─── EXERCISE INPUT

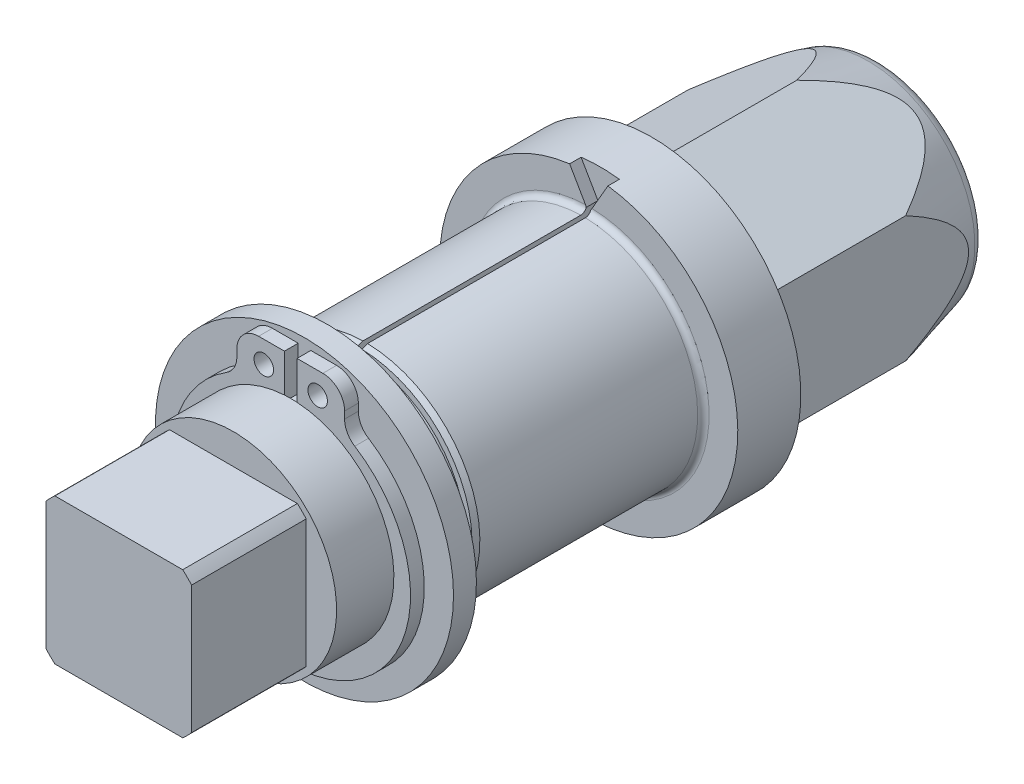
ISO-10303-21;
HEADER;
FILE_DESCRIPTION(('STEP AP214'),'2;1');
FILE_NAME('part.step','',(''),(''),'','','');
FILE_SCHEMA(('AUTOMOTIVE_DESIGN { 1 0 10303 214 1 1 1 1 }'));
ENDSEC;
DATA;
#1=APPLICATION_CONTEXT('core data for automotive mechanical design processes');
#2=APPLICATION_PROTOCOL_DEFINITION('international standard','automotive_design',2000,#1);
#3=PRODUCT_CONTEXT('',#1,'mechanical');
#4=PRODUCT('Part','Part','',(#3));
#5=PRODUCT_RELATED_PRODUCT_CATEGORY('part','',(#4));
#6=PRODUCT_DEFINITION_FORMATION('','',#4);
#7=PRODUCT_DEFINITION_CONTEXT('part definition',#1,'design');
#8=PRODUCT_DEFINITION('design','',#6,#7);
#9=PRODUCT_DEFINITION_SHAPE('','',#8);
#10=(LENGTH_UNIT() NAMED_UNIT(*) SI_UNIT(.MILLI.,.METRE.));
#11=(NAMED_UNIT(*) PLANE_ANGLE_UNIT() SI_UNIT($,.RADIAN.));
#12=(NAMED_UNIT(*) SI_UNIT($,.STERADIAN.) SOLID_ANGLE_UNIT());
#13=UNCERTAINTY_MEASURE_WITH_UNIT(LENGTH_MEASURE(1.E-05),#10,'distance_accuracy_value','');
#14=(GEOMETRIC_REPRESENTATION_CONTEXT(3) GLOBAL_UNCERTAINTY_ASSIGNED_CONTEXT((#13)) GLOBAL_UNIT_ASSIGNED_CONTEXT((#10,
#11,#12)) REPRESENTATION_CONTEXT('',''));
#15=CARTESIAN_POINT('',(0.,0.,0.));
#16=DIRECTION('',(0.,0.,1.));
#17=DIRECTION('',(1.,0.,0.));
#18=AXIS2_PLACEMENT_3D('',#15,#16,#17);
#19=CARTESIAN_POINT('',(0.,40.,46.75));
#20=DIRECTION('',(0.,0.,1.));
#21=DIRECTION('',(-1.,0.,0.));
#22=AXIS2_PLACEMENT_3D('',#19,#20,#21);
#23=CYLINDRICAL_SURFACE('',#22,9.);
#24=CARTESIAN_POINT('',(0.,40.,-11.6));
#25=DIRECTION('',(0.,0.,-1.));
#26=DIRECTION('',(1.,0.,0.));
#27=AXIS2_PLACEMENT_3D('',#24,#25,#26);
#28=CIRCLE('',#27,9.);
#29=CARTESIAN_POINT('',(9.,40.,-11.6));
#30=VERTEX_POINT('',#29);
#31=EDGE_CURVE('E26',#30,#30,#28,.F.);
#32=ORIENTED_EDGE('',*,*,#31,.T.);
#33=EDGE_LOOP('',(#32));
#34=FACE_BOUND('',#33,.T.);
#35=CARTESIAN_POINT('',(0.,40.,11.8));
#36=DIRECTION('',(0.,0.,-1.));
#37=DIRECTION('',(0.479360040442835,0.877618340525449,0.));
#38=AXIS2_PLACEMENT_3D('',#35,#36,#37);
#39=CIRCLE('',#38,9.);
#40=CARTESIAN_POINT('',(4.31424036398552,47.898565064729,11.8));
#41=VERTEX_POINT('',#40);
#42=EDGE_CURVE('E584',#41,#41,#39,.T.);
#43=ORIENTED_EDGE('',*,*,#42,.T.);
#44=EDGE_LOOP('',(#43));
#45=FACE_BOUND('',#44,.T.);
#46=DIRECTION('',(0.,0.,1.));
#47=VECTOR('',#46,1.);
#48=CARTESIAN_POINT('',(0.19999999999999,48.9977775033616,9.));
#49=LINE('',#48,#47);
#50=CARTESIAN_POINT('',(0.200000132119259,48.9977775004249,-11.5));
#51=VERTEX_POINT('',#50);
#52=CARTESIAN_POINT('',(0.199999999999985,48.9977775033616,8.7));
#53=VERTEX_POINT('',#52);
#54=EDGE_CURVE('E34',#51,#53,#49,.T.);
#55=ORIENTED_EDGE('',*,*,#54,.F.);
#56=CARTESIAN_POINT('',(0.,40.,-11.5));
#57=DIRECTION('',(0.,0.,1.));
#58=DIRECTION('',(1.,0.,0.));
#59=AXIS2_PLACEMENT_3D('',#56,#57,#58);
#60=CIRCLE('',#59,9.);
#61=CARTESIAN_POINT('',(-0.20000000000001,48.9977775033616,-11.5));
#62=VERTEX_POINT('',#61);
#63=EDGE_CURVE('E273',#62,#51,#60,.T.);
#64=ORIENTED_EDGE('',*,*,#63,.F.);
#65=DIRECTION('',(0.,0.,-1.));
#66=VECTOR('',#65,1.);
#67=CARTESIAN_POINT('',(-0.20000000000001,48.9977775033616,9.));
#68=LINE('',#67,#66);
#69=CARTESIAN_POINT('',(-0.199999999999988,48.9977775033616,8.7));
#70=VERTEX_POINT('',#69);
#71=EDGE_CURVE('E276',#70,#62,#68,.T.);
#72=ORIENTED_EDGE('',*,*,#71,.F.);
#73=CARTESIAN_POINT('',(0.,40.,8.7));
#74=DIRECTION('',(0.,0.,1.));
#75=DIRECTION('',(1.,0.,0.));
#76=AXIS2_PLACEMENT_3D('',#73,#74,#75);
#77=CIRCLE('',#76,9.);
#78=EDGE_CURVE('E39',#70,#53,#77,.T.);
#79=ORIENTED_EDGE('',*,*,#78,.T.);
#80=EDGE_LOOP('',(#55,#64,#72,#79));
#81=FACE_BOUND('',#80,.T.);
#82=ADVANCED_FACE('F16',(#34,#45,#81),#23,.T.);
#83=CARTESIAN_POINT('',(0.,31.,-12.));
#84=DIRECTION('',(0.,0.,-1.));
#85=DIRECTION('',(1.,0.,0.));
#86=AXIS2_PLACEMENT_3D('',#83,#84,#85);
#87=PLANE('',#86);
#88=CARTESIAN_POINT('',(0.,40.,-12.));
#89=DIRECTION('',(0.,0.,-1.));
#90=DIRECTION('',(1.,0.,0.));
#91=AXIS2_PLACEMENT_3D('',#88,#89,#90);
#92=CIRCLE('',#91,9.4);
#93=CARTESIAN_POINT('',(9.4,40.,-12.));
#94=VERTEX_POINT('',#93);
#95=EDGE_CURVE('E10',#94,#94,#92,.T.);
#96=ORIENTED_EDGE('',*,*,#95,.T.);
#97=EDGE_LOOP('',(#96));
#98=FACE_BOUND('',#97,.T.);
#99=DIRECTION('',(-0.499999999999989,0.866025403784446,0.));
#100=VECTOR('',#99,1.);
#101=CARTESIAN_POINT('',(-0.200000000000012,50.346410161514,-12.));
#102=LINE('',#101,#100);
#103=CARTESIAN_POINT('',(-0.200000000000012,50.346410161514,-12.));
#104=VERTEX_POINT('',#103);
#105=CARTESIAN_POINT('',(-1.66987298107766,52.8923048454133,-12.));
#106=VERTEX_POINT('',#105);
#107=EDGE_CURVE('E467',#104,#106,#102,.T.);
#108=ORIENTED_EDGE('',*,*,#107,.F.);
#109=DIRECTION('',(0.,1.,0.));
#110=VECTOR('',#109,1.);
#111=CARTESIAN_POINT('',(-0.2,40.,-12.));
#112=LINE('',#111,#110);
#113=CARTESIAN_POINT('',(-0.199999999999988,49.4978945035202,-12.));
#114=VERTEX_POINT('',#113);
#115=EDGE_CURVE('E463',#114,#104,#112,.T.);
#116=ORIENTED_EDGE('',*,*,#115,.F.);
#117=CARTESIAN_POINT('',(0.,40.,-12.));
#118=DIRECTION('',(0.,0.,1.));
#119=DIRECTION('',(1.,0.,0.));
#120=AXIS2_PLACEMENT_3D('',#117,#118,#119);
#121=CIRCLE('',#120,9.5);
#122=CARTESIAN_POINT('',(0.200000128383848,49.4978945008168,-12.));
#123=VERTEX_POINT('',#122);
#124=EDGE_CURVE('E285',#114,#123,#121,.T.);
#125=ORIENTED_EDGE('',*,*,#124,.T.);
#126=DIRECTION('',(0.,-1.,0.));
#127=VECTOR('',#126,1.);
#128=CARTESIAN_POINT('',(0.199999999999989,50.346410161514,-12.));
#129=LINE('',#128,#127);
#130=CARTESIAN_POINT('',(0.199999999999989,50.346410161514,-12.));
#131=VERTEX_POINT('',#130);
#132=EDGE_CURVE('E457',#131,#123,#129,.T.);
#133=ORIENTED_EDGE('',*,*,#132,.F.);
#134=DIRECTION('',(-0.499999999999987,-0.866025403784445,0.));
#135=VECTOR('',#134,1.);
#136=CARTESIAN_POINT('',(1.93984108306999,53.359903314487,-12.));
#137=LINE('',#136,#135);
#138=CARTESIAN_POINT('',(1.66987298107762,52.8923048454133,-12.));
#139=VERTEX_POINT('',#138);
#140=EDGE_CURVE('E454',#139,#131,#137,.T.);
#141=ORIENTED_EDGE('',*,*,#140,.F.);
#142=CARTESIAN_POINT('',(0.,40.,-12.));
#143=DIRECTION('',(0.,0.,1.));
#144=DIRECTION('',(-1.,0.,0.));
#145=AXIS2_PLACEMENT_3D('',#142,#143,#144);
#146=CIRCLE('',#145,13.);
#147=EDGE_CURVE('E760',#139,#106,#146,.T.);
#148=ORIENTED_EDGE('',*,*,#147,.T.);
#149=EDGE_LOOP('',(#108,#116,#125,#133,#141,#148));
#150=FACE_BOUND('',#149,.T.);
#151=ADVANCED_FACE('F691',(#98,#150),#87,.F.);
#152=CARTESIAN_POINT('',(9.5,34.5151724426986,-16.5));
#153=DIRECTION('',(0.5,-0.866025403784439,0.));
#154=DIRECTION('',(-0.866025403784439,-0.5,0.));
#155=AXIS2_PLACEMENT_3D('',#152,#153,#154);
#156=PLANE('',#155);
#157=DIRECTION('',(0.,0.,-1.));
#158=VECTOR('',#157,1.);
#159=CARTESIAN_POINT('',(0.,29.0303448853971,-16.5));
#160=LINE('',#159,#158);
#161=CARTESIAN_POINT('',(0.,29.0303448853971,-16.5));
#162=VERTEX_POINT('',#161);
#163=CARTESIAN_POINT('',(0.,29.0303448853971,-29.1491470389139));
#164=VERTEX_POINT('',#163);
#165=EDGE_CURVE('E777',#162,#164,#160,.T.);
#166=ORIENTED_EDGE('',*,*,#165,.T.);
#167=CARTESIAN_POINT('',(-9.28196428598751E-05,29.0302912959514,-29.1489470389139));
#168=CARTESIAN_POINT('',(0.0633524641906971,29.0669214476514,-29.285646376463));
#169=CARTESIAN_POINT('',(0.127531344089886,29.1039751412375,-29.4218905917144));
#170=CARTESIAN_POINT('',(0.25752620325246,29.1790277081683,-29.6933482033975));
#171=CARTESIAN_POINT('',(0.323342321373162,29.2170266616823,-29.8285615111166));
#172=CARTESIAN_POINT('',(0.523725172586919,29.3327177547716,-30.2329238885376));
#173=CARTESIAN_POINT('',(0.660999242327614,29.4119729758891,-30.5003024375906));
#174=CARTESIAN_POINT('',(0.946138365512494,29.5765981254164,-31.031840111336));
#175=CARTESIAN_POINT('',(1.09410959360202,29.6620293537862,-31.2959236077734));
#176=CARTESIAN_POINT('',(1.40154274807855,29.839525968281,-31.8148633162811));
#177=CARTESIAN_POINT('',(1.56099538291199,29.9315859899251,-32.0697267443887));
#178=CARTESIAN_POINT('',(1.80681149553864,30.0735079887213,-32.4349353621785));
#179=CARTESIAN_POINT('',(1.88731783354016,30.1199883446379,-32.5505403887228));
#180=CARTESIAN_POINT('',(2.05221171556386,30.215189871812,-32.7780404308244));
#181=CARTESIAN_POINT('',(2.13659970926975,30.2639113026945,-32.8899350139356));
#182=CARTESIAN_POINT('',(2.30975509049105,30.3638826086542,-33.1090133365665));
#183=CARTESIAN_POINT('',(2.39851963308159,30.4151308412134,-33.216200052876));
#184=CARTESIAN_POINT('',(2.58110804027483,30.5205483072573,-33.4246310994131));
#185=CARTESIAN_POINT('',(2.67493085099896,30.574716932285,-33.5258766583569));
#186=CARTESIAN_POINT('',(2.92329501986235,30.7181100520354,-33.776159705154));
#187=CARTESIAN_POINT('',(3.08208303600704,30.8097863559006,-33.9197198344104));
#188=CARTESIAN_POINT('',(3.41636648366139,31.0027849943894,-34.1781228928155));
#189=CARTESIAN_POINT('',(3.59181132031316,31.1040781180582,-34.2930491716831));
#190=CARTESIAN_POINT('',(3.89859159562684,31.2811977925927,-34.4485029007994));
#191=CARTESIAN_POINT('',(4.0252812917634,31.3543421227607,-34.5010643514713));
#192=CARTESIAN_POINT('',(4.2844084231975,31.5039492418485,-34.581593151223));
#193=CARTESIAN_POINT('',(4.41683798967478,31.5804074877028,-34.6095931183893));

──────

WHAT THE TASK REQUIRES: Out of the data above, give again only the lines starting at the one holding "#37=DIRECTION('',(0.479360040442835,0.877618340525449,0.));" and ending at the one holding "#97=EDGE_LOOP('',(#96));", unchanged.

EXERCISE ANSWER:
#37=DIRECTION('',(0.479360040442835,0.877618340525449,0.));
#38=AXIS2_PLACEMENT_3D('',#35,#36,#37);
#39=CIRCLE('',#38,9.);
#40=CARTESIAN_POINT('',(4.31424036398552,47.898565064729,11.8));
#41=VERTEX_POINT('',#40);
#42=EDGE_CURVE('E584',#41,#41,#39,.T.);
#43=ORIENTED_EDGE('',*,*,#42,.T.);
#44=EDGE_LOOP('',(#43));
#45=FACE_BOUND('',#44,.T.);
#46=DIRECTION('',(0.,0.,1.));
#47=VECTOR('',#46,1.);
#48=CARTESIAN_POINT('',(0.19999999999999,48.9977775033616,9.));
#49=LINE('',#48,#47);
#50=CARTESIAN_POINT('',(0.200000132119259,48.9977775004249,-11.5));
#51=VERTEX_POINT('',#50);
#52=CARTESIAN_POINT('',(0.199999999999985,48.9977775033616,8.7));
#53=VERTEX_POINT('',#52);
#54=EDGE_CURVE('E34',#51,#53,#49,.T.);
#55=ORIENTED_EDGE('',*,*,#54,.F.);
#56=CARTESIAN_POINT('',(0.,40.,-11.5));
#57=DIRECTION('',(0.,0.,1.));
#58=DIRECTION('',(1.,0.,0.));
#59=AXIS2_PLACEMENT_3D('',#56,#57,#58);
#60=CIRCLE('',#59,9.);
#61=CARTESIAN_POINT('',(-0.20000000000001,48.9977775033616,-11.5));
#62=VERTEX_POINT('',#61);
#63=EDGE_CURVE('E273',#62,#51,#60,.T.);
#64=ORIENTED_EDGE('',*,*,#63,.F.);
#65=DIRECTION('',(0.,0.,-1.));
#66=VECTOR('',#65,1.);
#67=CARTESIAN_POINT('',(-0.20000000000001,48.9977775033616,9.));
#68=LINE('',#67,#66);
#69=CARTESIAN_POINT('',(-0.199999999999988,48.9977775033616,8.7));
#70=VERTEX_POINT('',#69);
#71=EDGE_CURVE('E276',#70,#62,#68,.T.);
#72=ORIENTED_EDGE('',*,*,#71,.F.);
#73=CARTESIAN_POINT('',(0.,40.,8.7));
#74=DIRECTION('',(0.,0.,1.));
#75=DIRECTION('',(1.,0.,0.));
#76=AXIS2_PLACEMENT_3D('',#73,#74,#75);
#77=CIRCLE('',#76,9.);
#78=EDGE_CURVE('E39',#70,#53,#77,.T.);
#79=ORIENTED_EDGE('',*,*,#78,.T.);
#80=EDGE_LOOP('',(#55,#64,#72,#79));
#81=FACE_BOUND('',#80,.T.);
#82=ADVANCED_FACE('F16',(#34,#45,#81),#23,.T.);
#83=CARTESIAN_POINT('',(0.,31.,-12.));
#84=DIRECTION('',(0.,0.,-1.));
#85=DIRECTION('',(1.,0.,0.));
#86=AXIS2_PLACEMENT_3D('',#83,#84,#85);
#87=PLANE('',#86);
#88=CARTESIAN_POINT('',(0.,40.,-12.));
#89=DIRECTION('',(0.,0.,-1.));
#90=DIRECTION('',(1.,0.,0.));
#91=AXIS2_PLACEMENT_3D('',#88,#89,#90);
#92=CIRCLE('',#91,9.4);
#93=CARTESIAN_POINT('',(9.4,40.,-12.));
#94=VERTEX_POINT('',#93);
#95=EDGE_CURVE('E10',#94,#94,#92,.T.);
#96=ORIENTED_EDGE('',*,*,#95,.T.);
#97=EDGE_LOOP('',(#96));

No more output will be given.